--- START ---

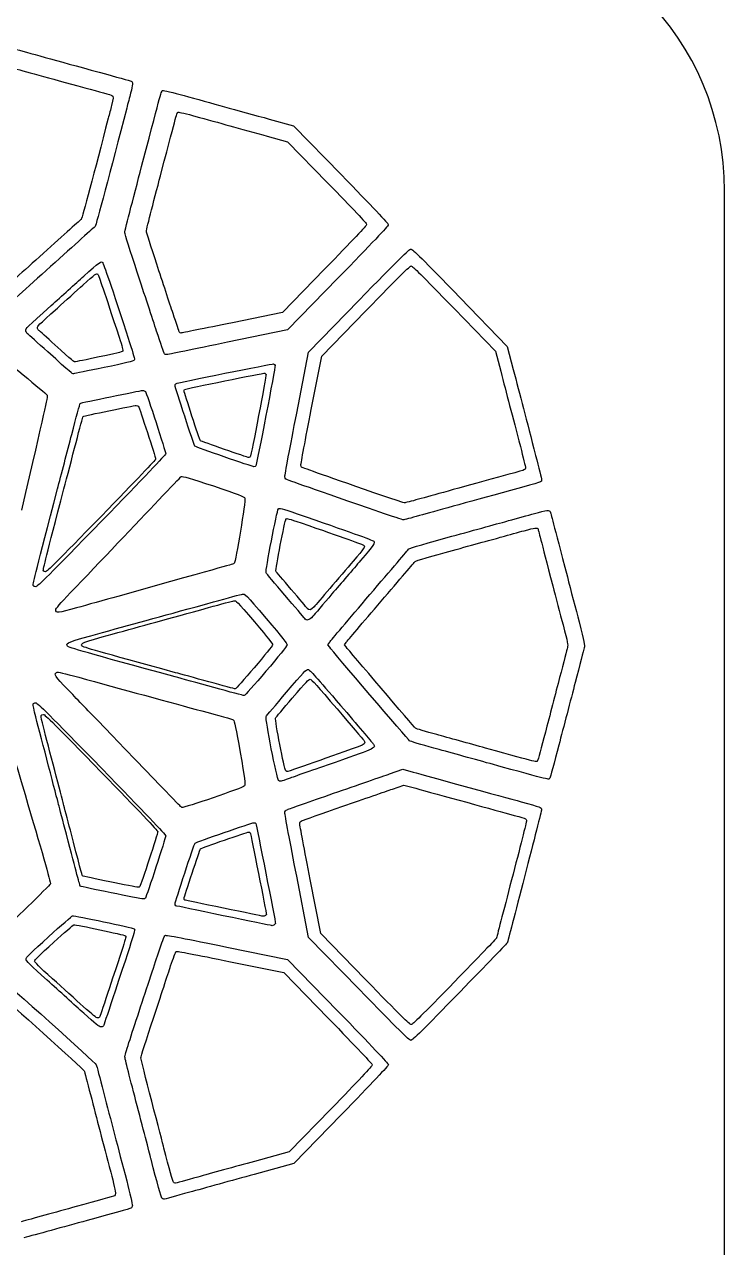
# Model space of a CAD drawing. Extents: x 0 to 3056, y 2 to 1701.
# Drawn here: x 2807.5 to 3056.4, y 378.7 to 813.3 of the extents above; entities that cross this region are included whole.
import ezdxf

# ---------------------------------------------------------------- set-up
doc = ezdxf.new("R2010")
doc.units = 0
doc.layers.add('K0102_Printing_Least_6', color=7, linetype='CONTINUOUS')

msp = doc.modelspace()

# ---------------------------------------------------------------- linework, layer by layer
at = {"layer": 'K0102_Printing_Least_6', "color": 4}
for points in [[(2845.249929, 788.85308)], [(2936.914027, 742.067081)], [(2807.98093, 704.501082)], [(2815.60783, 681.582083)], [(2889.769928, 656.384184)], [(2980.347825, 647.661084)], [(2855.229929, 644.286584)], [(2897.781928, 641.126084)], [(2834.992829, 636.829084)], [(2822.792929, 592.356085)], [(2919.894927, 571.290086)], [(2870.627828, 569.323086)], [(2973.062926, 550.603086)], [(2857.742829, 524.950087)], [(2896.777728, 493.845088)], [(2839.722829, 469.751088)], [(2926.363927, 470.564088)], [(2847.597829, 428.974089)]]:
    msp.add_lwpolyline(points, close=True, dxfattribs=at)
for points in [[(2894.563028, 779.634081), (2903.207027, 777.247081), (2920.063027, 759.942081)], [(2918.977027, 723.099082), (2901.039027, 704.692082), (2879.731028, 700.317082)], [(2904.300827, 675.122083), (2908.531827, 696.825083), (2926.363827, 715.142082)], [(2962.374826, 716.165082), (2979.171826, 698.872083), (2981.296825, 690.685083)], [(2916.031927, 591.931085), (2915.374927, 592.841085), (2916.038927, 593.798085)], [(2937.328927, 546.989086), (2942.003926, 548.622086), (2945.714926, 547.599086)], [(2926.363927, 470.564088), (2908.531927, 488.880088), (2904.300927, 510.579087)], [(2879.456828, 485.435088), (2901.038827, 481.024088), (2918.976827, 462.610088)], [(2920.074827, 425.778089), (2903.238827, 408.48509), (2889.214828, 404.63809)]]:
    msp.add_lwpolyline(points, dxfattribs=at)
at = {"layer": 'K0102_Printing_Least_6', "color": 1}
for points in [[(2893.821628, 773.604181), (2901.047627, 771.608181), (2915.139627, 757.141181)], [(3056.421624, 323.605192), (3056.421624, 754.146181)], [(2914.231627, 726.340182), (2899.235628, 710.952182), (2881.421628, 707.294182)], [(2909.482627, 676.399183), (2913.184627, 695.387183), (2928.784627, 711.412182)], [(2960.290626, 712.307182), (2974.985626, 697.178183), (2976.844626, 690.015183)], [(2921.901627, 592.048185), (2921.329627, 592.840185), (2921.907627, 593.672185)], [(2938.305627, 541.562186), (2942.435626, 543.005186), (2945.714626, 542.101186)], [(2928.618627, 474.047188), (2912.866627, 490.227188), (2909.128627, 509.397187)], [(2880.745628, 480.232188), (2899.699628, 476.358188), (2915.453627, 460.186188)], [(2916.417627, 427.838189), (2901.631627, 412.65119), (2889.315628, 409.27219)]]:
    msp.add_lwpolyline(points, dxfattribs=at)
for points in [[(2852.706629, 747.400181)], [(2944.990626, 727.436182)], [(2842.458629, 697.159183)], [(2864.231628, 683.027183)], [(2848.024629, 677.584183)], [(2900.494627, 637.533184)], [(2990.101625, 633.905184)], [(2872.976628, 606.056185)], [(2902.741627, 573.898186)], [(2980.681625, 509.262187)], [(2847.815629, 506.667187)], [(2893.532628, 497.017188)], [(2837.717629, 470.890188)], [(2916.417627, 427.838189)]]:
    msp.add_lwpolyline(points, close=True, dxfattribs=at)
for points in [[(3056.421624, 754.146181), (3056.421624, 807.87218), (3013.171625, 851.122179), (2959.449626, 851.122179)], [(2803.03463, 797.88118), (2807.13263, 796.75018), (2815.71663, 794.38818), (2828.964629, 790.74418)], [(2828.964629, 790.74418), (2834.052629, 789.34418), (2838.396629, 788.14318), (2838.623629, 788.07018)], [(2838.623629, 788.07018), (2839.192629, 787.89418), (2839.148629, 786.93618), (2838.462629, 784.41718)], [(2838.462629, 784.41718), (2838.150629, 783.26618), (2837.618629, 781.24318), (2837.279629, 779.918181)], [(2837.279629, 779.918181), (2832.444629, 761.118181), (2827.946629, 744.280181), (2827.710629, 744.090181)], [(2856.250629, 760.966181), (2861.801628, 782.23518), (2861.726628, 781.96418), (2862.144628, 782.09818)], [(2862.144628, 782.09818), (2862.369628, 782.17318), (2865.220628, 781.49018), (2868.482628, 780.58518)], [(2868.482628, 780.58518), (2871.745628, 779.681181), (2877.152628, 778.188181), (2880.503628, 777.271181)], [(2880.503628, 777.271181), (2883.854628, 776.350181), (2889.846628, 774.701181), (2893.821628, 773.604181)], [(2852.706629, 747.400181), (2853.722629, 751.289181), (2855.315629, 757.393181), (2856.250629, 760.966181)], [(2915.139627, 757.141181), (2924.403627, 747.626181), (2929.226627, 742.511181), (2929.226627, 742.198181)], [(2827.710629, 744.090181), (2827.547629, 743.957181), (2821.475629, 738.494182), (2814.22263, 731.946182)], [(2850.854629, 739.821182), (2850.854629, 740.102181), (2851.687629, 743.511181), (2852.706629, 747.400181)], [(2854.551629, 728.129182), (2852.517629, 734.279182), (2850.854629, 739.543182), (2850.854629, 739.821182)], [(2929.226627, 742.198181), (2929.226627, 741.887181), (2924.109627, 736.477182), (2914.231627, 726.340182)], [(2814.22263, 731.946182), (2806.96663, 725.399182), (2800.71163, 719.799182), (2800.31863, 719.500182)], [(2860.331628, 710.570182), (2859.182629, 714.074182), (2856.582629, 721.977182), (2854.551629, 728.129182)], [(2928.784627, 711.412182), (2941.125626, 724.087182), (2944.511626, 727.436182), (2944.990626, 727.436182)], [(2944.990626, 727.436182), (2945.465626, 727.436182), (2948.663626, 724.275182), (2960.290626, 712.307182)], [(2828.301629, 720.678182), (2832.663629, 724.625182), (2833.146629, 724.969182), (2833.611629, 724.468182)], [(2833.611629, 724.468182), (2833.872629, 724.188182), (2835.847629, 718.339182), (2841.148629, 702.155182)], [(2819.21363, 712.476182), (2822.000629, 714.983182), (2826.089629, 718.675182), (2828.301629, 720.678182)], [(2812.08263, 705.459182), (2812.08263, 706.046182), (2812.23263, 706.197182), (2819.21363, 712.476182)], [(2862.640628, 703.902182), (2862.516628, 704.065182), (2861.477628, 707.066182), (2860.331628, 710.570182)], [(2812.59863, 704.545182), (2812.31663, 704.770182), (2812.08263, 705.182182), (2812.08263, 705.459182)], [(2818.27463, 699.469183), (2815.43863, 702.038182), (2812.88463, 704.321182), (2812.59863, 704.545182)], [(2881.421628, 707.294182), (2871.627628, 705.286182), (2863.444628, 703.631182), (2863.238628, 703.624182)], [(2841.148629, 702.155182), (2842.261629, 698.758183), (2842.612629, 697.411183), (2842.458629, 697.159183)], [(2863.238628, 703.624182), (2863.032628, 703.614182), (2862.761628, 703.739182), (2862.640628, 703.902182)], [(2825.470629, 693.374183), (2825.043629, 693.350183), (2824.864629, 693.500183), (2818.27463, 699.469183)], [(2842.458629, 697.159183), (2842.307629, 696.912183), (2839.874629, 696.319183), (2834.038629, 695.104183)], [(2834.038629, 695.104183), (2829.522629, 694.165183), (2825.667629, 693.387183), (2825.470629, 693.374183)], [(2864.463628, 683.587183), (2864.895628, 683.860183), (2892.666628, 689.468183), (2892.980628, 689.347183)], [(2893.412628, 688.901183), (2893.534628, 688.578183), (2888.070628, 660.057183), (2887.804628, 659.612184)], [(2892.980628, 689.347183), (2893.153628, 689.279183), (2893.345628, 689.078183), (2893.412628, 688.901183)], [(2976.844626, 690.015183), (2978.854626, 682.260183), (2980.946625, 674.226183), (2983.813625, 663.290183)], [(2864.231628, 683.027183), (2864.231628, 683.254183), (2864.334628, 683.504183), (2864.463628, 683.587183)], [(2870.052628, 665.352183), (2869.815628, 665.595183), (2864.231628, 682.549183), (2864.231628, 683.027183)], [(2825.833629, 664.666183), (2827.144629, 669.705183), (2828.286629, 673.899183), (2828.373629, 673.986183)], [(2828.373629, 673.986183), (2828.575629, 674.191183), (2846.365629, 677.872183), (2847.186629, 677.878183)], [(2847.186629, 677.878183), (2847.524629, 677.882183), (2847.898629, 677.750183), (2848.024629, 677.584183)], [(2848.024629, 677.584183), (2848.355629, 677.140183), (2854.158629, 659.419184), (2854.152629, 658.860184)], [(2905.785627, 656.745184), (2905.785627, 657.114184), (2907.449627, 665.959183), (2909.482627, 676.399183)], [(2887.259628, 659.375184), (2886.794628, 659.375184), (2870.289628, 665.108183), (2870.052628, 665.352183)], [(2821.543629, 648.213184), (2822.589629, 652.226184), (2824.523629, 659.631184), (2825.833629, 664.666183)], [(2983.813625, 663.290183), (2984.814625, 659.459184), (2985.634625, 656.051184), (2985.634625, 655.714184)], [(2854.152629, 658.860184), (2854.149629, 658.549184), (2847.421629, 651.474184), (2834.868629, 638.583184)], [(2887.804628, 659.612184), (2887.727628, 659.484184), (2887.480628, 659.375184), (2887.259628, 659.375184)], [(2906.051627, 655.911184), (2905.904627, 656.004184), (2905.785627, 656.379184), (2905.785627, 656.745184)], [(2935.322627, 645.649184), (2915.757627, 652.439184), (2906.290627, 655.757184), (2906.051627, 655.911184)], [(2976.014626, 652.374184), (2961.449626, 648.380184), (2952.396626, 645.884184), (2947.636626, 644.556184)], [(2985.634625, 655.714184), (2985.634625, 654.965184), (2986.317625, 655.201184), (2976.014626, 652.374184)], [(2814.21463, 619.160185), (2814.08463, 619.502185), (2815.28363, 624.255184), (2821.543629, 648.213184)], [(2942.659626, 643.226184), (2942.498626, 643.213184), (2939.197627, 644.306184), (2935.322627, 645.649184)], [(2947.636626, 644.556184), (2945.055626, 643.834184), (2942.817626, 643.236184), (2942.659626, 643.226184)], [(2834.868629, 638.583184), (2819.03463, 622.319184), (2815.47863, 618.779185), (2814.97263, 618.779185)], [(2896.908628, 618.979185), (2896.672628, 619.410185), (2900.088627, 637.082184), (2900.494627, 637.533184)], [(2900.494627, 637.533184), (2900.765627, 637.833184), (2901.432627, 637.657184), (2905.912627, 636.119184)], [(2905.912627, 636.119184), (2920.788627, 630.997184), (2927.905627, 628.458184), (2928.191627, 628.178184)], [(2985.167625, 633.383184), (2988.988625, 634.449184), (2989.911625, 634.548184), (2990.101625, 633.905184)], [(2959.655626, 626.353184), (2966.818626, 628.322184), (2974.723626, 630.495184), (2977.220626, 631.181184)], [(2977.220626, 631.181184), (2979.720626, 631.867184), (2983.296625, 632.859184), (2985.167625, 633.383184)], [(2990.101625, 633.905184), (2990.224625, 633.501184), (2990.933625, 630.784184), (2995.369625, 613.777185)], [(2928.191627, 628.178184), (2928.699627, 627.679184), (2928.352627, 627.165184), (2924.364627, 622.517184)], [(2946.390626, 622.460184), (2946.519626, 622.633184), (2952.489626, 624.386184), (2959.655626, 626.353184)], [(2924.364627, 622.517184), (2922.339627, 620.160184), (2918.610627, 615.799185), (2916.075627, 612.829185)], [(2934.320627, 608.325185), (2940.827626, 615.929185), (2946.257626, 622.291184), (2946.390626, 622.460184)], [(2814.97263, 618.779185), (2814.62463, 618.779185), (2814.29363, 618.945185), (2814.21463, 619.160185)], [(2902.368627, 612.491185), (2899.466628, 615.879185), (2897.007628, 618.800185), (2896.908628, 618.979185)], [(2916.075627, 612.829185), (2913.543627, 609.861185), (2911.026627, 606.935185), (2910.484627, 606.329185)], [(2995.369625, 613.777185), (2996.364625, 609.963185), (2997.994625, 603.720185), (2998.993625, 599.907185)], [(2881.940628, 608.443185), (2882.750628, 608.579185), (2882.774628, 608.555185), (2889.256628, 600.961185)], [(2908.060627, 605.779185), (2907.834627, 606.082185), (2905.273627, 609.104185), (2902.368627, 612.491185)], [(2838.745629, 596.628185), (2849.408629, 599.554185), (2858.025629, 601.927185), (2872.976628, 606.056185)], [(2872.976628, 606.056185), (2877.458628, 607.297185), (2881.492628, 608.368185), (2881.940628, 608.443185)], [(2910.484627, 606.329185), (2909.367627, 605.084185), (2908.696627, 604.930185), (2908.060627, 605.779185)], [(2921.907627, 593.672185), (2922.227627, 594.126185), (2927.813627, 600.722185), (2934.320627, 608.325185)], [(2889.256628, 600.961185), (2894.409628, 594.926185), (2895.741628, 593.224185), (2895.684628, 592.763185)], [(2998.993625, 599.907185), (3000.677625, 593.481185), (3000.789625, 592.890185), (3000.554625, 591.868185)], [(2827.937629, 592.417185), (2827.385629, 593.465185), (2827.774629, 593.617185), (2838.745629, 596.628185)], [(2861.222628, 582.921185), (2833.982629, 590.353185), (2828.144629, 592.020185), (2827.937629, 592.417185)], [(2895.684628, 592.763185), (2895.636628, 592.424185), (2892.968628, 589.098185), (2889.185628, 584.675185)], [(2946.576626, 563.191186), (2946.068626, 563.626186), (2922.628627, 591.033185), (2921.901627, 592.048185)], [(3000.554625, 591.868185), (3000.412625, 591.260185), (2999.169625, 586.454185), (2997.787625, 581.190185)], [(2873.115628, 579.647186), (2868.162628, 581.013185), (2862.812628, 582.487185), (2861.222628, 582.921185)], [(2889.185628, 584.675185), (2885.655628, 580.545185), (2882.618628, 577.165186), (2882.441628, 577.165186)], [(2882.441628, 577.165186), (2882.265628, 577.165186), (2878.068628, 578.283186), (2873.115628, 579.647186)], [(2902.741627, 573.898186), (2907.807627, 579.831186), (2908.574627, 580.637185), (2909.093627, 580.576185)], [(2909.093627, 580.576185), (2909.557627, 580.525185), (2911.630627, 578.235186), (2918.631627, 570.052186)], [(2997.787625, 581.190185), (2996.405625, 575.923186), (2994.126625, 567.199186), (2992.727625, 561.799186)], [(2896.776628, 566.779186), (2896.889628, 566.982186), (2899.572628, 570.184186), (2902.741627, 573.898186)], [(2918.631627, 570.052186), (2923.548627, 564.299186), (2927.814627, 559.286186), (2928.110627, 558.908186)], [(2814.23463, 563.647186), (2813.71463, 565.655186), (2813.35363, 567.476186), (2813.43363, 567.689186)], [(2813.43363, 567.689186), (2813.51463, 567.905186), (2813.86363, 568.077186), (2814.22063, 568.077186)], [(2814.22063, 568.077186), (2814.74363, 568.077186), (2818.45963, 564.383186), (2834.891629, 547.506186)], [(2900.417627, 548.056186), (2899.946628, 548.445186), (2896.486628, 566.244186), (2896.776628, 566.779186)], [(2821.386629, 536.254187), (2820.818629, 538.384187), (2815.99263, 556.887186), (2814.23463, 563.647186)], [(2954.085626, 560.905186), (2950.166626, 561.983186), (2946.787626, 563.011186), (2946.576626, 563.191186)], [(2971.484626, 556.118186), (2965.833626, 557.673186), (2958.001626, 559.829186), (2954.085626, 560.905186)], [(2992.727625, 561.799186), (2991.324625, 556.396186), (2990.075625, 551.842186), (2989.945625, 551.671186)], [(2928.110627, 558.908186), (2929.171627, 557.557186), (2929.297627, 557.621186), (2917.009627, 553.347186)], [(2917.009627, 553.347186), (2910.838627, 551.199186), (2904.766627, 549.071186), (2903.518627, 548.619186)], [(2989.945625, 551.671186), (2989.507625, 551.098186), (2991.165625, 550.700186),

--- END ---

## [Description of the task]
Up to and including the line that contains "doc.units = 0", print the records above exactly from their first line, without any pictures.

## [Final answer]
# Model space of a CAD drawing. Extents: x 0 to 3056, y 2 to 1701.
# Drawn here: x 2807.5 to 3056.4, y 378.7 to 813.3 of the extents above; entities that cross this region are included whole.
import ezdxf

# ---------------------------------------------------------------- set-up
doc = ezdxf.new("R2010")
doc.units = 0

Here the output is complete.